Introduction

Signatures

In order to securely move value from Alice to Bob, Alice needs to prove she has the right to move the funds. The most direct and reliable way of accomplishing this task is to use a public key signature scheme where funds are connected to a public key and Alice controls an associated private key.

There are hundreds of possible schemes with different security parameters and assumptions. Some rely upon mathematical problems connected to elliptic curves, whereas others are connected to exotic concepts using lattices.

The abstract goal is always the same. There exists a hard problem that cannot be solved unless someone has a secret piece of knowledge. The holder of this piece of knowledge is said to be the owner of the keypair and should be the only entity that has the ability to use it.

There are two groups of concerns a cryptocurrency faces with choosing a signature scheme. First, there is the long-term security durability of the scheme itself. Some cryptographic schemes used in the 1970s and 1980s such as DES have been broken. The period over which the scheme should be expected to survive must be decided upon.

Second, there are many enterprises, governments and other institutions that have preferred, or in some cases, mandated the use of a particular scheme.
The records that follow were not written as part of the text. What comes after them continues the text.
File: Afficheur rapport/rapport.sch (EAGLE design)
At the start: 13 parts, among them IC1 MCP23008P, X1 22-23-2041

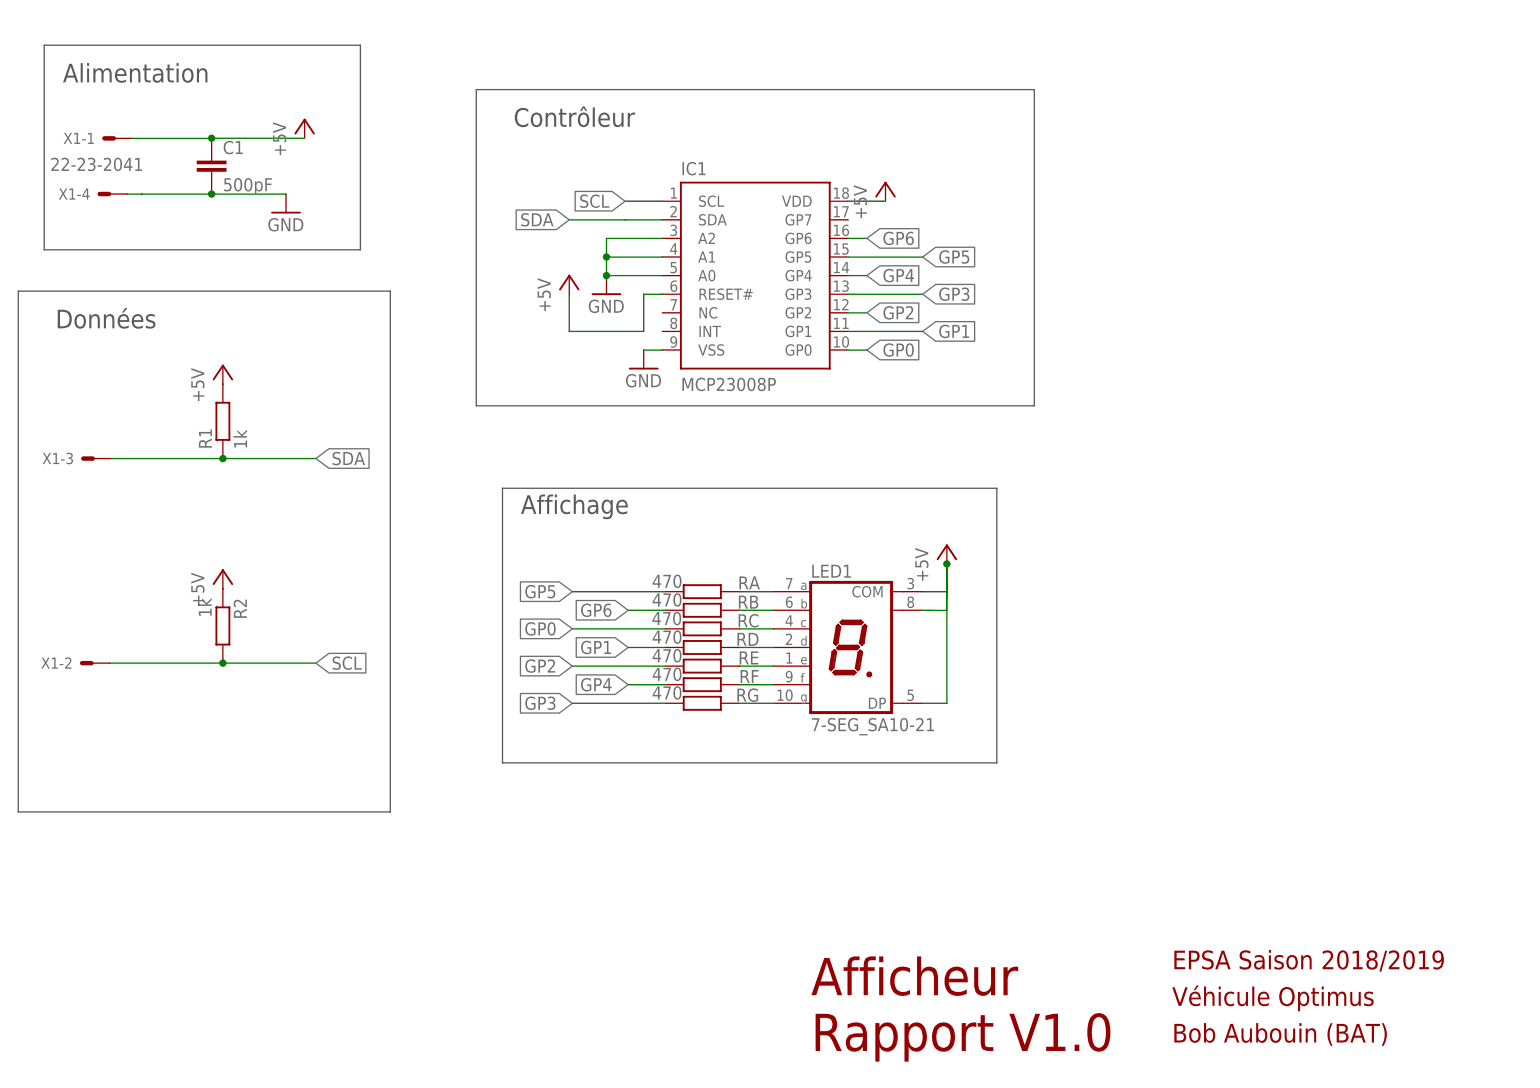
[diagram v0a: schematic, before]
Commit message: suppression des résistance de pull-up, modification des condo
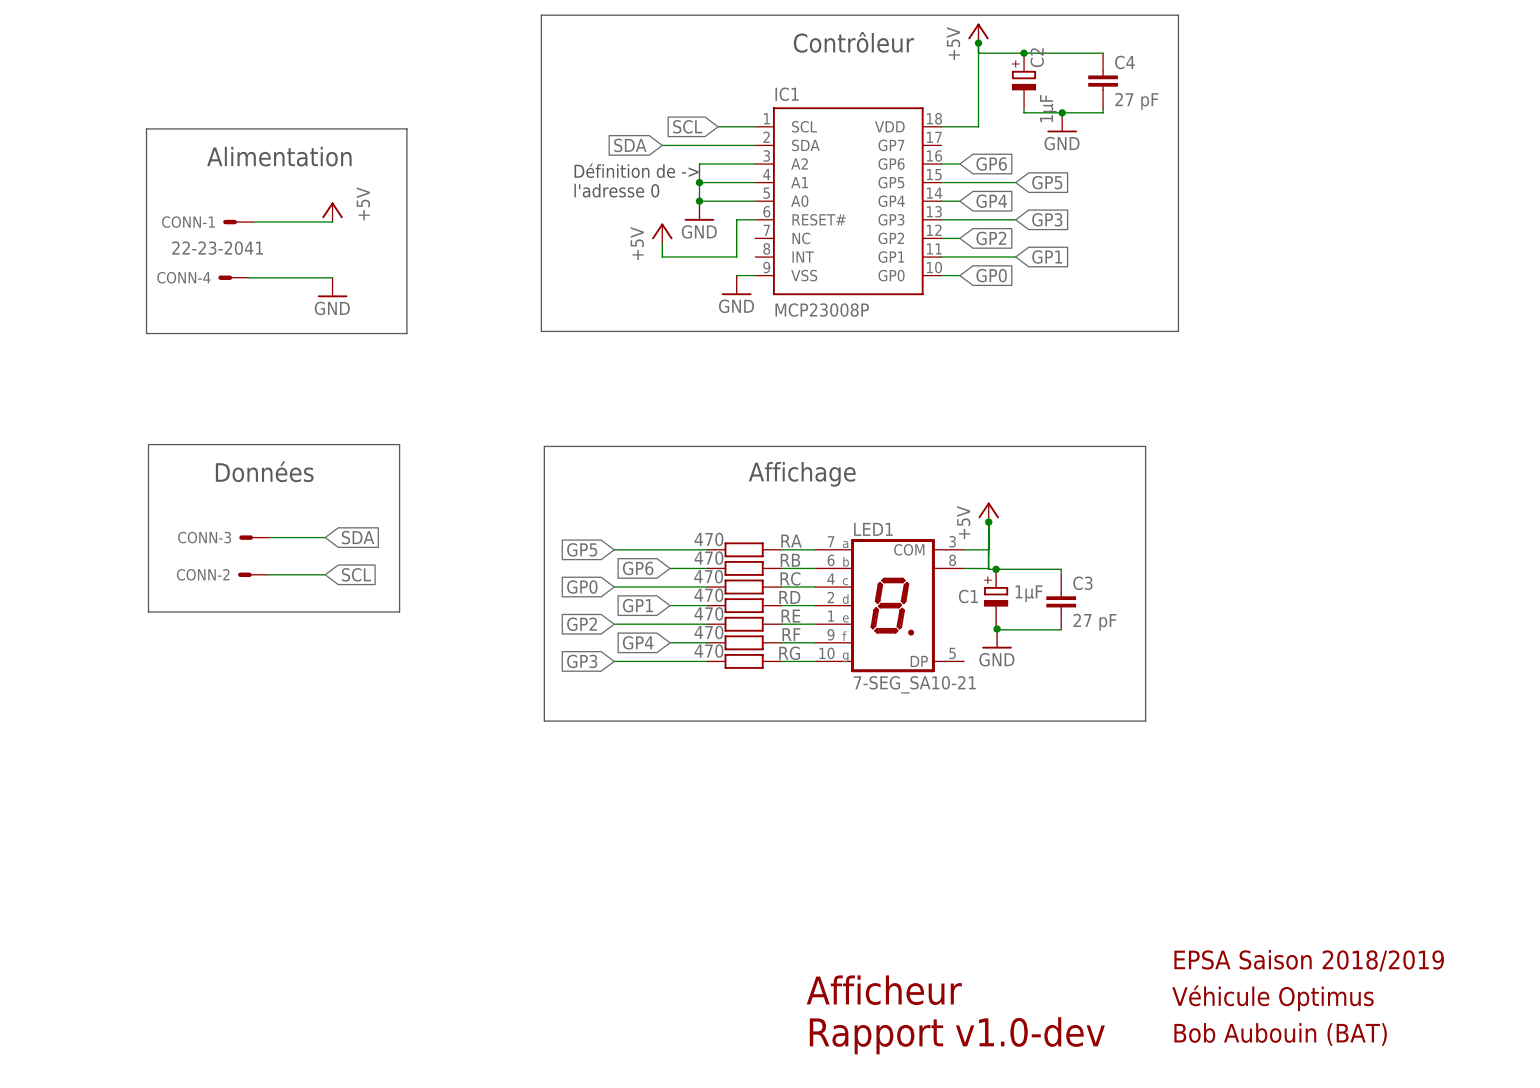
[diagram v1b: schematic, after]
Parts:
- removed R1, R2: 1k, rcl:R-EU_0204/7
- removed X1: 22-23-2041, con-molex:22-23-2041
- added C2: 1µF, resistor:CPOL-EUB45181A
- added C3, C4: 27 pF, resistor:C-EU025-025X050
- added CONN: 22-23-2041, con-molex:22-23-2041
- C1: value 500pF -> 1µF; device rcl:C-EU025-025X050 -> resistor:CPOL-EUB45181A
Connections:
- net +5V: now also C1.+, C2.+, C3.1, C4.1, CONN-1.S; no longer C1.1, LED1.DP, R1.2, R2.1, X1-1.S
- net GND: now also C1.-, C2.-, C3.2, C4.2, CONN-4.S; no longer C1.2, X1-4.S
- net SCL: now also CONN-2.S; no longer R2.2, X1-2.S
- net SDA: now also CONN-3.S; no longer R1.1, X1-3.S
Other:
- note added: "Afficheur Rapport v1.0-dev"
- note added: "Définition de -> l'adresse 0"
- note removed: "Afficheur Rapport V1.0"
- moved on the sheet: IC1, LED1, RA, RB, RC, RD, RE, RF, RG

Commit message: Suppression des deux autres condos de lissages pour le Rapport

For example, the NSA maintains the Suite B protocol set. There are standards from ISO and even W3C workgroups on cryptography.

If a cryptocurrency chooses a single signature scheme, it is forced to accept that the scheme could be broken at some point in the future and at least one entity cannot use the cryptocurrency due to legal or industry restrictions. Yet a cryptocurrency cannot support every signature scheme as this would require every client to understand and validate each scheme.

For Cardano, we decided to start with using elliptic curve cryptography, the Ed25519 curve in particular. We also decided to enhance the existing libraries by adding support for HD wallets using Dr Dmitry Khovratovich and Jason Law’s Specification8.

This said, Cardano will support more signature schemes in the future. In particular, we are interested in integrating quantum computer resistant signatures to our system.

Cardano has been designed with special extensions that will allow us to add more signature schemes through a soft fork. They will be added as needed and during major updates planned in the roadmap9.


Footnotes

8: This is the documentation for Cardano's HD Wallet Implementation. We believe Cardano is the first cryptocurrency to support Ed25519 HD Wallets.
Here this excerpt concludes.